- 2001 re-release cover

Remix album by Paul Oakenfold
- Released: 1995 (original) 4 March 2001 (re-release)
- Genre: Goa trance
- Label: Hypnotic

= A Voyage into Trance =

A Voyage into Trance is a DJ mix album by British producer and DJ Paul Oakenfold. The album was originally released in 1995 and was soon out of print, but its popularity meant it was re-released in March 2001 with an alternative surround sound mix paired with immersive visuals.
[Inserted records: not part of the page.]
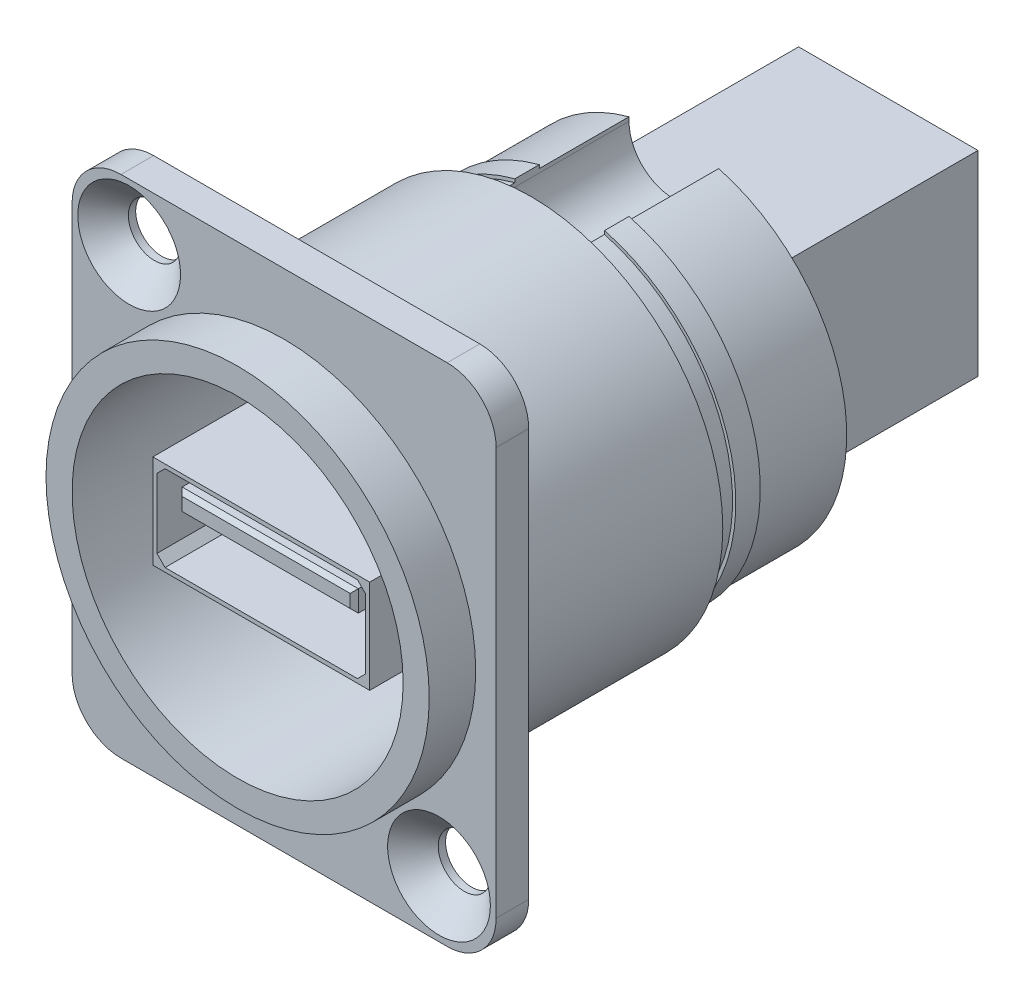
SolidWorks part; units mm, degrees
ref_plane "Front Plane" through (0, 0, 0) normal (0, 0, 1) x (1, 0, 0)
ref_plane "Top Plane" through (0, 0, 0) normal (0, 1, 0) x (1, 0, 0)
ref_plane "Right Plane" through (0, 0, 0) normal (1, 0, 0) x (0, 0, -1)
sketch "Sketch1" plane through (0, 0, 0) normal (0, 0, 1) x (1, 0, 0)
  circle A0 centre (0, 0) radius 10.8
  dimension "D1" = 21.6
extrude "Extrude1" add sketch "Sketch1" along normal mid plane 1.5
sketch "Sketch2" plane through (0, 0, 0.75) normal (0, 0, 1) x (1, 0, 0)
  circle A0 centre (0, 0) radius 10.6
  dimension "D1" = 21.2
extrude "Extrude2" add sketch "Sketch2" along normal blind 5.5
sketch "Sketch3" plane through (0, 0, -0.75) normal (0, 0, -1) x (-1, 0, 0)
  circle A0 centre (0, 0) radius 10.6
  dimension "D1" = 21.2
extrude "Extrude3" add sketch "Sketch3" along normal blind 5.5
sketch "Sketch4" plane through (0, 0, 6.25) normal (0, 0, 1) x (1, 0, 0)
  line L1 (-8, -4.5) -> (8, -4.5)
  line L2 (-8, -4.5) -> (-8, 4.5)
  line L3 (-8, 4.5) -> (8, 4.5)
  line L4 (8, -4.5) -> (8, 4.5)
  point P4 (0, -4.5)
  point P6 (8, 0)
  dimension "D1" = 9
  dimension "D2" = 16
extrude "Extrude4" add sketch "Sketch4" along normal blind 2
sketch "Sketch5" plane through (0, 0, 8.25) normal (0, 0, 1) x (1, 0, 0)
  line L0 (-8, 4.5) -> (-8, -4.5) construction
  line L1 (-6.65, 2.875) -> (6.65, 2.875)
  line L2 (-6.65, 2.875) -> (-6.65, -2.875)
  line L3 (-6.65, -2.875) -> (6.65, -2.875)
  line L4 (6.65, 2.875) -> (6.65, -2.875)
  line L6 (-8, -4.5) -> (8, -4.5) construction
  dimension "D1" = 13.3
  dimension "D2" = 5.75
  dimension "D3" = 1.35
  dimension "D4" = 1.625
extrude "Extrude5" add sketch "Sketch5" along normal blind 10.8
sketch "Sketch6" plane through (0, 0, 19.05) normal (0, 0, 1) x (1, 0, 0)
  line L0 (-6.65, -2.875) -> (6.65, -2.875) construction
  line L1 (-5.9, 2.625) -> (5.9, 2.625)
  line L2 (-6.4, 2.125) -> (-6.4, -2.125)
  line L3 (-5.9, -2.625) -> (5.9, -2.625)
  line L4 (6.4, 2.125) -> (6.4, -2.125)
  line L6 (-6.65, 2.875) -> (-6.65, -2.875) construction
  line L7 (6.65, -2.875) -> (6.65, 2.875) construction
  line L8 (-6.4, 2.125) -> (-5.9, 2.625)
  line L9 (-6.4, -2.125) -> (-5.9, -2.625)
  line L10 (5.9, -2.625) -> (6.4, -2.125)
  line L11 (5.9, 2.625) -> (6.4, 2.125)
  point P0 (-6.4, 2.625)
  point P1 (6.4, -2.625)
  point P2 (-6.4, -2.625)
  point P3 (6.4, 2.625)
  dimension "D1" = 5.25
  dimension "D2" = 0.25
  dimension "D3" = 0.25
  dimension "D4" = 0.25
extrude "Extrude6" cut sketch "Sketch6" against normal blind 10.8
sketch "Sketch7" plane through (0, 0, 8.25) normal (0, 0, 1) x (1, 0, 0)
  line L0 (5.9, 2.625) -> (-5.9, 2.625) construction
  line L1 (-5.4, 1.625) -> (5.4, 1.625)
  line L2 (-5.4, 1.625) -> (-5.4, 0.325)
  line L3 (-5.4, 0.325) -> (5.4, 0.325)
  line L4 (5.4, 1.625) -> (5.4, 0.325)
  line L5 (6.4, -2.125) -> (6.4, 2.125) construction
  line L6 (-6.4, 2.125) -> (-6.4, -2.125) construction
  dimension "D1" = 1.3
  dimension "D2" = 1
  dimension "D3" = 1
  dimension "D4" = 1
extrude "Extrude7" add sketch "Sketch7" along normal blind 10.5
chamfer "Chamfer1" distance 0.25 angle 45 4 edges at (5.4, 0.975, 18.75) (0, 0.325, 18.75) (-5.4, 0.975, 18.75) (0, 1.625, 18.75)
sketch "Sketch8" plane through (0, 0, -6.25) normal (0, 0, -1) x (-1, 0, 0)
  line L1 (-5.5, 6) -> (5.5, 6)
  line L2 (-5.5, 6) -> (-5.5, -6)
  line L3 (-5.5, -6) -> (5.5, -6)
  line L4 (5.5, 6) -> (5.5, -6)
  point P4 (5.5, 0)
  point P6 (0, 6)
  dimension "D1" = 12
  dimension "D2" = 11
extrude "Extrude8" add sketch "Sketch8" along normal blind 13.15
sketch "Sketch9" plane through (0, 0, -19.4) normal (0, 0, -1) x (-1, 0, 0)
  line L0 (-5.5, -6) -> (5.5, -6) construction
  line L1 (-2.85, 4.6) -> (2.85, 4.6)
  line L2 (-3.85, 3.6) -> (-3.85, -4.35)
  line L3 (-3.85, -4.35) -> (3.85, -4.35)
  line L4 (3.85, 3.6) -> (3.85, -4.35)
  line L5 (-5.5, 6) -> (-5.5, -6) construction
  line L6 (5.5, -6) -> (5.5, 6) construction
  line L7 (5.5, 6) -> (-5.5, 6) construction
  line L8 (-3.85, 3.6) -> (-2.85, 4.6)
  line L9 (2.85, 4.6) -> (3.85, 3.6)
  point P0 (-3.85, 4.6)
  point P3 (3.85, 4.6)
  dimension "D1" = 1.65
  dimension "D2" = 1.65
  dimension "D3" = 1.65
  dimension "D4" = 1.4
extrude "Extrude9" cut sketch "Sketch9" against normal blind 13.15
sketch "Sketch10" plane through (0, 0, -6.25) normal (0, 0, -1) x (-1, 0, 0)
  line L1 (-2.75, 1.5) -> (2.75, 1.5)
  line L2 (-2.75, 1.5) -> (-2.75, -1.5)
  line L3 (-2.75, -1.5) -> (2.75, -1.5)
  line L4 (2.75, 1.5) -> (2.75, -1.5)
  point P4 (0, -1.5)
  point P6 (2.75, 0)
  dimension "D1" = 5.5
  dimension "D2" = 3
extrude "Extrude10" add sketch "Sketch10" along normal blind 13
chamfer "Chamfer2" distance 0.25 angle 45 4 edges at (0, 1.5, -19.25) (-2.75, 0, -19.25) (0, -1.5, -19.25) (2.75, 0, -19.25)
sketch "Sketch11" plane through (0, 0, -6.25) normal (0, 0, -1) x (-1, 0, 0)
  line L0 (-2.75, 10) -> (-2.75, 10.444)
  line L1 (2.75, 10) -> (2.75, 10.444)
  line L2 (-2.75, -10.444) -> (-2.75, -10)
  line L3 (2.75, -10.444) -> (2.75, -10)
  arc A0 (-2.75, 10) -> (2.75, 10) centre (0, 10) ccw
  arc A1 (-2.75, -10) -> (2.75, -10) centre (0, -10) cw
  circle A2 centre (0, 0) radius 10.8 construction
  arc A3 (2.75, 10.444) -> (-2.75, 10.444) centre (0, 0) ccw
  arc A4 (-2.75, -10.444) -> (2.75, -10.444) centre (0, 0) ccw
  dimension "D2" = 10
  dimension "D3" = 10
  dimension "D4" = 5.5
extrude "Extrude11" cut sketch "Sketch11" against normal through all
sketch "Sketch12" plane through (0, 0, 6.25) normal (0, 0, 1) x (1, 0, 0)
  line L0 (7.3, 4.8) -> (8.3, 4.8)
  line L1 (-8.3, 4.8) -> (-7.3, 4.8)
  line L2 (-8.3, 4.8) -> (-8.3, -4.8)
  line L3 (-8.3, -4.8) -> (-7.3, -4.8)
  line L4 (8.3, 4.8) -> (8.3, -4.8)
  line L5 (-7.3, 5.25) -> (7.3, 5.25)
  line L6 (-7.3, 5.25) -> (-7.3, 4.8)
  line L7 (-7.3, -5.25) -> (7.3, -5.25)
  line L8 (7.3, 5.25) -> (7.3, 4.8)
  line L9 (7.3, -4.8) -> (8.3, -4.8)
  line L10 (-7.3, -4.8) -> (-7.3, -5.25)
  line L11 (7.3, -4.8) -> (7.3, -5.25)
  line L12 (-8, 4.5) -> (-8, -4.5) construction
  line L13 (8, -4.5) -> (8, 4.5) construction
  line L14 (8, 4.5) -> (-8, 4.5) construction
  line L15 (-8, -4.5) -> (8, -4.5) construction
  circle A0 centre (0, 0) radius 10.15
  dimension "D1" = 20.3
  dimension "D2" = 0.3
  dimension "D3" = 0.3
  dimension "D4" = 0.75
  dimension "D5" = 0.75
  dimension "D6" = 1
  dimension "D7" = 1
  dimension "D8" = 0.3
  dimension "D9" = 0.3
extrude "Extrude12" add sketch "Sketch12" along normal blind 1.25
sketch "Sketch13" plane through (0, 0, 7.5) normal (0, 0, 1) x (1, 0, 0)
  circle A0 centre (0, 0) radius 11.75
  circle A1 centre (0, 0) radius 10.15
  circle A2 centre (0, 0) radius 10.15
  dimension "D2" = 23.5
  dimension "D1" = 0
extrude "Extrude13" add sketch "Sketch13" along normal blind 13 and the other way blind 5
ref_plane "Plane1" through (0, 0, 17.65) normal (0, 0, 1) x (1, 0, 0)
sketch "Sketch14" plane through (0, 0, 17.65) normal (0, 0, 1) x (1, 0, 0)
  line L0 (-13, 15.5) -> (13, -15.5) construction
  line L1 (-13, 15.5) -> (13, 15.5)
  line L2 (-13, 15.5) -> (-13, -15.5)
  line L3 (-13, -15.5) -> (13, -15.5)
  line L4 (13, 15.5) -> (13, -15.5)
  circle A0 centre (0, 0) radius 11.75 construction
  circle A1 centre (0, 0) radius 11.75
  dimension "D1" = 26
  dimension "D2" = 31
extrude "Extrude14" add sketch "Sketch14" against normal blind 2
hole_wizard "CSK for M3 Countersunk Flat Head1" positions "Sketch16" profile "Sketch15" countersink size "M3" standard "BSI" end condition through all
sketch "Sketch16" plane through (0, 0, 17.65) normal (0, 0, 1) x (1, 0, 0)
  point P0 (-9.5, 12)
  point P1 (9.5, -12)
  dimension "D1" = 24
  dimension "D2" = 19
  dimension "D3" = 12
  dimension "D4" = 9.5
sketch "Sketch15" plane through (-9.5, 12, 17.65) normal (1, 0, 0) x (0, -1, 0)
  line L0 (0, 0) -> (0, 37.05)
  line L1 (0, 37.05) -> (1.6, 37.05)
  line L2 (1.6, 37.05) -> (1.6, 1.55)
  line L3 (1.6, 1.55) -> (3.15, 0)
  line L5 (3.15, 0) -> (0, 0)
  line L6 (-1.6, 1.55) -> (-3.15, 0) construction
  line L11 (0, -6.35) -> (0, 107.95) construction
  dimension "Thru Hole Dia." = 3.2
  dimension "Thru Hole Depth" = 37.05
  dimension "Near C'Sink Dia." = 6.3
  dimension "Near C'Sink Angle" = 90
fillet "Fillet1" radius 3 4 edges at (13, -15.5, 16.65) (-13, 15.5, 16.65) (13, 15.5, 16.65) (-13, -15.5, 16.65)

Allmusic said the album included an "immaculately assembled collection of dance tracks" and rated the album four out of five stars.

Professional ratings
Review scores
| Source | Rating |
| Allmusic | Star |

==Track listing==
1. Trancemission - Genetic

2. Sly-Ed - Man with No Name

3. The Rezistor - Dynamix

4. Teleport - Man with No Name

5. Superbooster - The Infinity Project

6. Wicked Warp - Mandra Gora

7. Voyager III (Voodoo Remix) - Prana

8. New Moon- Ayahusca

9. Feeling Weird - The Infinity Project

10. Wizard - Slinky Wizard

11. Fat Buddha - Black Sun

12. LSD - Hallucinogen

Track 3 is incorrectly listed as 'Total Eclipse - Aliens'. It is actually 'Dynamix - The Rezistor'. The credits for this track have been taken from Order Odonata Vol. 1 which is the original appearance of this track. Track 10 is incorrectly listed as 'Slinky Wizard'. Both of these errors have been carried forward onto various releases of this Album in the subsequent years.

== DVD ==
The Album was also released as a DVD with remixed 5.1 surround sound. The DVD contains a pair of 3D glasses to view the movie with. The 3D glasses are ChromaDepth which can create the illusion of 3 Dimensions through the color spectrum. The visuals are created by Yo Suzuki, Love Mushroom Studio.